Range Resources is bumping up its capital spending by 18% from 2007 to $1.065 billion, and it plans to use most of the funds to develop its Texas, Midcontinent and Appalachian properties.
The 2008 budget includes $783 million for drilling and recompletions, $109 million for land, $51 million for seismic and $122 million for the expansion and enhancement of gathering systems and facilities. Of the drilling and recompletion capital, 95% will be spent on “lower-risk development and exploitation activities,” and 5% will be directed toward exploration projects.
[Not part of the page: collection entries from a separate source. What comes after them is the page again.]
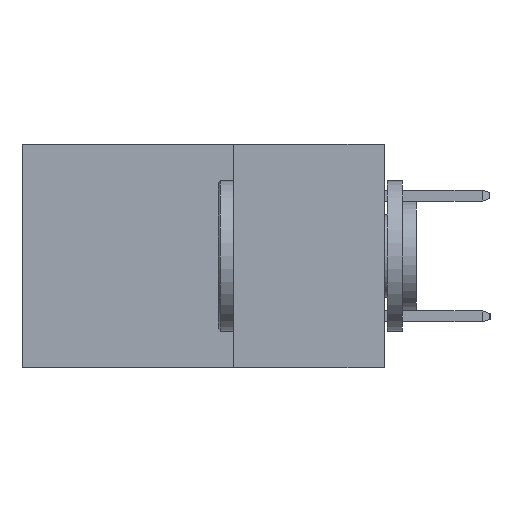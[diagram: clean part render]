
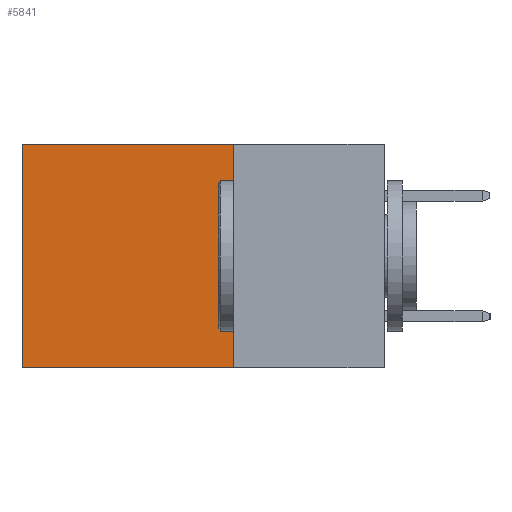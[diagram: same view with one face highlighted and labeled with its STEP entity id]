
A CAD part, left-side view. The second image highlights one B-rep face of the part: STEP entity #5841.
In plain terms, the highlighted planar face has unit normal (-1, 0, 0).
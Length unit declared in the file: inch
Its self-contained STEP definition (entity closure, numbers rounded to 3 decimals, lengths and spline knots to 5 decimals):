
#56 = DIRECTION ( 'NONE',  ( 1., 0., 0. ) ) ;
#162 = LINE ( 'NONE', #7571, #3948 ) ;
#188 = PLANE ( 'NONE',  #7680 ) ;
#349 = DIRECTION ( 'NONE',  ( 0., 0., -1. ) ) ;
#657 = DIRECTION ( 'NONE',  ( 0., 0., -1. ) ) ;
#714 = VERTEX_POINT ( 'NONE', #3757 ) ;
#1063 = EDGE_CURVE ( 'NONE', #5640, #4457, #7487, .T. ) ;
#1679 = CARTESIAN_POINT ( 'NONE',  ( 0.2615, 0.6, 0. ) ) ;
#1700 = VECTOR ( 'NONE', #5615, 39.37008 ) ;
#1923 = ORIENTED_EDGE ( 'NONE', *, *, #1063, .T. ) ;
#2601 = ORIENTED_EDGE ( 'NONE', *, *, #4969, .F. ) ;
#2629 = VECTOR ( 'NONE', #6407, 39.37008 ) ;
#2737 = ORIENTED_EDGE ( 'NONE', *, *, #3614, .F. ) ;
#2839 = ORIENTED_EDGE ( 'NONE', *, *, #6806, .T. ) ;
#3614 = EDGE_CURVE ( 'NONE', #6140, #714, #4791, .T. ) ;
#3757 = CARTESIAN_POINT ( 'NONE',  ( 0.2615, 0.25, -0.37 ) ) ;
#3948 = VECTOR ( 'NONE', #7539, 39.37008 ) ;
#4243 = CARTESIAN_POINT ( 'NONE',  ( 0.2615, 0.6, -0.37 ) ) ;
#4457 = VERTEX_POINT ( 'NONE', #7828 ) ;
#4791 = LINE ( 'NONE', #6437, #2629 ) ;
#4969 = EDGE_CURVE ( 'NONE', #714, #4457, #5802, .T. ) ;
#5615 = DIRECTION ( 'NONE',  ( 0., 1., 0. ) ) ;
#5640 = VERTEX_POINT ( 'NONE', #1679 ) ;
#5802 = LINE ( 'NONE', #5876, #1700 ) ;
#5841 = ADVANCED_FACE ( 'NONE', ( #6740 ), #188, .F. ) ;
#5876 = CARTESIAN_POINT ( 'NONE',  ( 0.2615, 0.25, -0.37 ) ) ;
#6140 = VERTEX_POINT ( 'NONE', #7818 ) ;
#6407 = DIRECTION ( 'NONE',  ( 0., 0., -1. ) ) ;
#6437 = CARTESIAN_POINT ( 'NONE',  ( 0.2615, 0.25, -0.37 ) ) ;
#6740 = FACE_OUTER_BOUND ( 'NONE', #8189, .T. ) ;
#6806 = EDGE_CURVE ( 'NONE', #6140, #5640, #162, .T. ) ;
#7487 = LINE ( 'NONE', #4243, #9017 ) ;
#7539 = DIRECTION ( 'NONE',  ( 0., 1., 0. ) ) ;
#7571 = CARTESIAN_POINT ( 'NONE',  ( 0.2615, 0.25, 0. ) ) ;
#7680 = AXIS2_PLACEMENT_3D ( 'NONE', #8874, #56, #349 ) ;
#7818 = CARTESIAN_POINT ( 'NONE',  ( 0.2615, 0.25, 0. ) ) ;
#7828 = CARTESIAN_POINT ( 'NONE',  ( 0.2615, 0.6, -0.37 ) ) ;
#8189 = EDGE_LOOP ( 'NONE', ( #1923, #2601, #2737, #2839 ) ) ;
#8874 = CARTESIAN_POINT ( 'NONE',  ( 0.2615, 0.25, -0.37 ) ) ;
#9017 = VECTOR ( 'NONE', #657, 39.37008 ) ;

“The strategy for our 2008 capital expenditures is consistent with prior years, in that our goal is to consistently grow production and reserves at top quartile finding costs,” said President John H. Pinkerton. “Based on the drilling projects planned for 2008, we anticipate generating excellent returns on invested capital and another year of double-digit production growth.
“Including the impact of planned asset sales, we have established a production growth target of 15% for 2008. Given rising production combined with our low cost structure and attractive hedge position, we foresee posting another year of record financial results in 2008.”
Acquisitions, particularly those in proximity to Range’s existing properties, “will continue to be pursued but are considered too unpredictable to be specifically budgeted,” the company noted. Based on the current futures prices and existing hedges, Range’s 2008 capital spending is expected to be funded by operating cash flow and asset sales.
This year the Fort Worth, TX-based independent expects to drill 968 gross (715 net) wells and undertake 82 (66 net) recompletions. About 56% of the budget is attributable to Range’s Southwestern region, which consists of properties in West and East Texas and the Midcontinent.
Another 40% of the budget will go to Appalachian asset development, and 4% will be directed to Gulf Coast activities.
Included in the budget are 187 net coalbed methane, tight gas and shale wells at the Nora/Haysi field in Virginia, 92 net Barnett Shale wells in the Fort Worth Basin and 60 net Marcellus Shale wells in Appalachia. The remaining 376 net wells are primarily tight gas and oil wells in the company’s other core areas.